Adicione uma solução extracelular com inibidores que bloqueiam os receptores de neurotransmissores inibitórios nas membranas neuronais, mantendo os neurônios ativos por mais tempo.

Compare a atividade elétrica de ambas as fatias. Um sinal elétrico sincronizado entre as duas fatias confirma as conexões sinápticas e a regeneração neural bem-sucedida.

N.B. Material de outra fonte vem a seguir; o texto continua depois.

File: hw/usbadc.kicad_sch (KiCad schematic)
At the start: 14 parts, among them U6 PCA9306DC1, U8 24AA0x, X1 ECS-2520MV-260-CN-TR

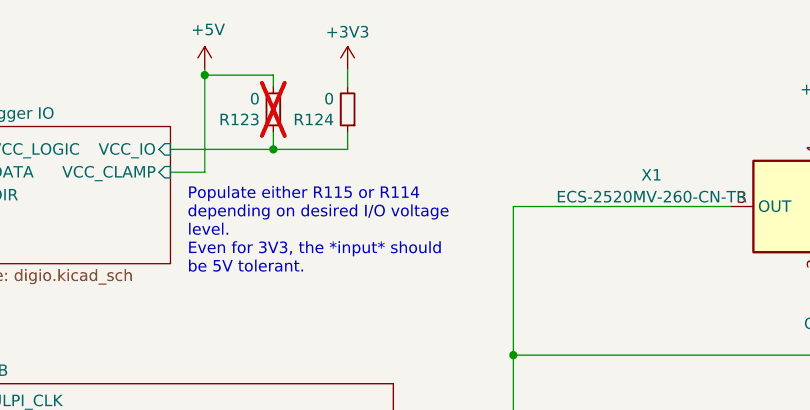
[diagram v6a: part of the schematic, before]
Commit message: [hw] added reset generator; removed 5V fill from FE area!
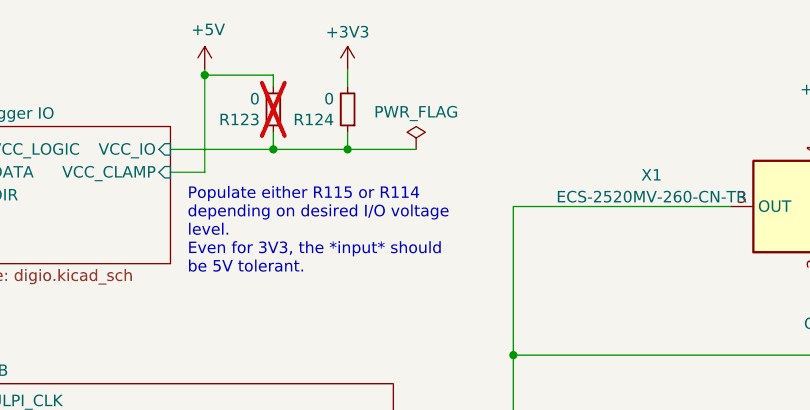
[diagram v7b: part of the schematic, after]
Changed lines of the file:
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@@
   (junction (at 83.185 164.465) (diameter 0) (color 0 0 0 0)
+  )
+  (junction (at 93.98 40.64) (diameter 0) (color 0 0 0 0)
   )
   (junction (at 78.105 32.385) (diameter 0) (color 0 0 0 0)
@@
   )
   (wire (pts (xy 232.41 156.21) (xy 235.585 156.21))
+    (stroke (width 0) (type default))
+  )
+  (wire (pts (xy 101.6 40.64) (xy 93.98 40.64))
     (stroke (width 0) (type default))
   )
@@
         )
       )
+    )
+  )
+  (symbol (lib_id "power:PWR_FLAG") (at 101.6 40.64 0) (unit 1)
+    (in_bom yes) (on_board yes) (dnp no) (fields_autoplaced)
+    (property "Reference" "#FLG07" (at 101.6 38.735 0)
+      (effects (font (size 1.27 1.27)) hide)
+    )
+    (property "Value" "PWR_FLAG" (at 101.6 36.5069 0)
+      (effects (font (size 1.27 1.27)))
+    )
+    (property "Footprint" "" (at 101.6 40.64 0)
+      (effects (font (size 1.27 1.27)) hide)
+    )
+    (property "Datasheet" "~" (at 101.6 40.64 0)
+      (effects (font (size 1.27 1.27)) hide)
+    )
+    (pin "1")
+    (instances
+      (project "usbadc"
+        (path "/7c8a1f8d-8834-4c9b-aaae-1f231e9b09a1"
+          (reference "#FLG07") (unit 1)
+        )
+      )

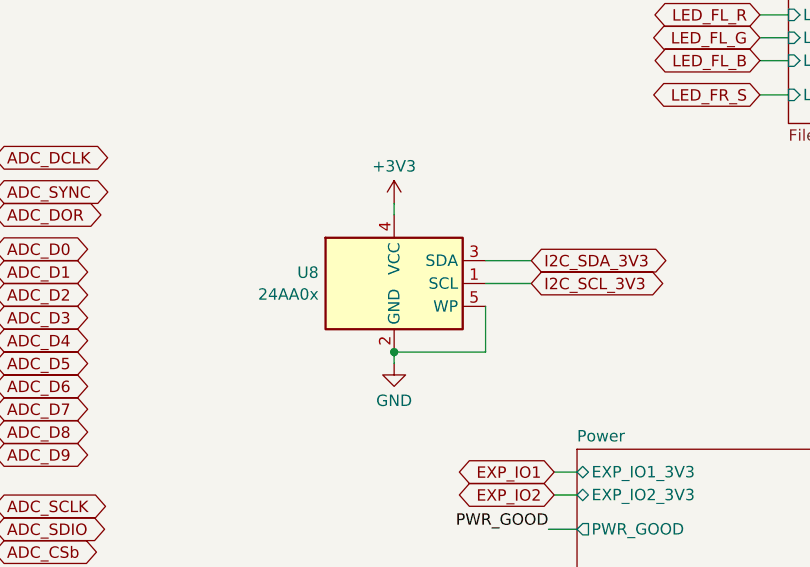
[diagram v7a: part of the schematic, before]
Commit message: [hw]: updated relay part no.
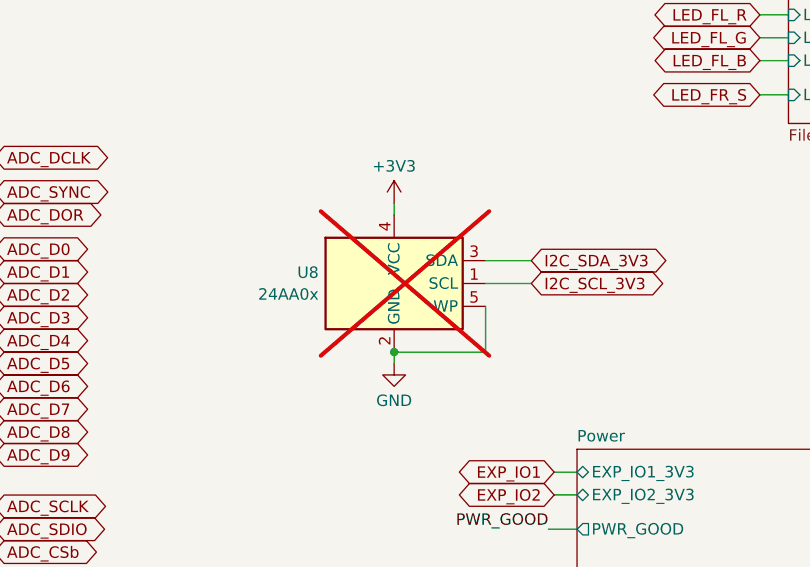
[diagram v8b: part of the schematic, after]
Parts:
- U8: now not fitted
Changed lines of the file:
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@@
   )
   (symbol (lib_id "fmc:24AA0x") (at 215.265 128.905 0) (unit 1)
-    (in_bom yes) (on_board yes) (dnp no) (fields_autoplaced)
+    (in_bom yes) (on_board yes) (dnp yes) (fields_autoplaced)
     (property "Reference" "U8" (at 206.883 127.6929 0)
       (effects (font (size 1.27 1.27)) (justify right))

Coloque uma placa de Petri com uma matriz de microeletrodos revestida dentro sob um estereomicroscópio. Coloque a matriz em foco e centralize uma gota de seis microlitros de plasma de galinha na matriz de eletrodos. Usando uma pequena espátula, deslize cuidadosamente duas seções da medula espinhal com seus lados ventrais voltados um para o outro na gotícula de plasma.

Em seguida, adicione oito microlitros de trombina ao redor da gota de plasma de frango. Em seguida, use a ponta da pipeta para misturar e espalhar cuidadosamente a mistura de plasma de frango e trombina. Pouco antes de a mistura de plasma e trombina de frango ficar muito fibrosa e começar a coagular, aspire o excesso de líquido. Em seguida, tampe a placa de Petri e coloque-a em uma câmara umidificada.

Coloque a câmara dentro de uma incubadora a 37 graus Celsius por cerca de uma hora. Após a incubação, adicione cuidadosamente 10 microlitros de meio nutriente à amostra. Tampe a placa de Petri e coloque-a de volta na incubadora por mais 45 minutos. Em seguida, coloque cada um dos conjuntos de cultura de matriz de vários eletrodos em um tubo de rolo e adicione três mililitros de meio nutriente. Feche bem a tampa e coloque o tubo do rolo no tambor do rolo. Gire o tambor a 1 a 2 RPM na incubadora a 37 graus Celsius.

Usando uma pinça com ponta de borracha estéril, remova os conjuntos de cultura de matriz de múltiplos eletrodos do tubo do rolo e coloque-os em uma placa de Petri sob um estereomicroscópio. Colocar o tecido em foco e verificar se as duas fatias estão fundidas. Em seguida, segure o conjunto com firmeza e coloque uma lâmina de bisturi na ranhura da matriz de multieletrodos perto das fatias de tecido. Segure o bisturi na horizontal e, em seguida, levante o cabo do bisturi, mas deixe a lâmina do bisturi ficar na ranhura da matriz de forma que a lâmina role da base às pontas, cortando o tecido, cobrindo a ranhura.

Corte quaisquer conexões de tecido residual com uma ponta de agulha de calibre 25, se necessário. Trabalhe apenas na área dentro da ranhura e não toque nas bordas sensíveis. Coloque os conjuntos de culturas de matriz de vários eletrodos de volta no tubo do rolo e adicione três mililitros de meio nutriente fresco às culturas. Em seguida, coloque o tubo do rolo de volta no tambor do rolo na incubadora a 37 graus Celsius.

Monte um conjunto de cultura de matriz de vários eletrodos em uma câmara de gravação e aplique cerca de 500 microlitros de solução extracelular na matriz. Em seguida, monte o conjunto no microscópio. Aguarde 10 minutos para que o sistema se estabilize e, em seguida, registre a atividade espontânea básica de cada um dos eletrodos de detecção de atividade por 10 minutos. Repita as gravações um total de duas vezes.

Para garantir condições extracelulares estáveis, troque a solução extracelular após cada sessão de gravação. Se desejar, desinibir a rede aplicando solução extracelular contendo um micromolar de estricnina e 10 micromolar de gabazina e aguarde pelo menos dois minutos antes de registrar a atividade elétrica.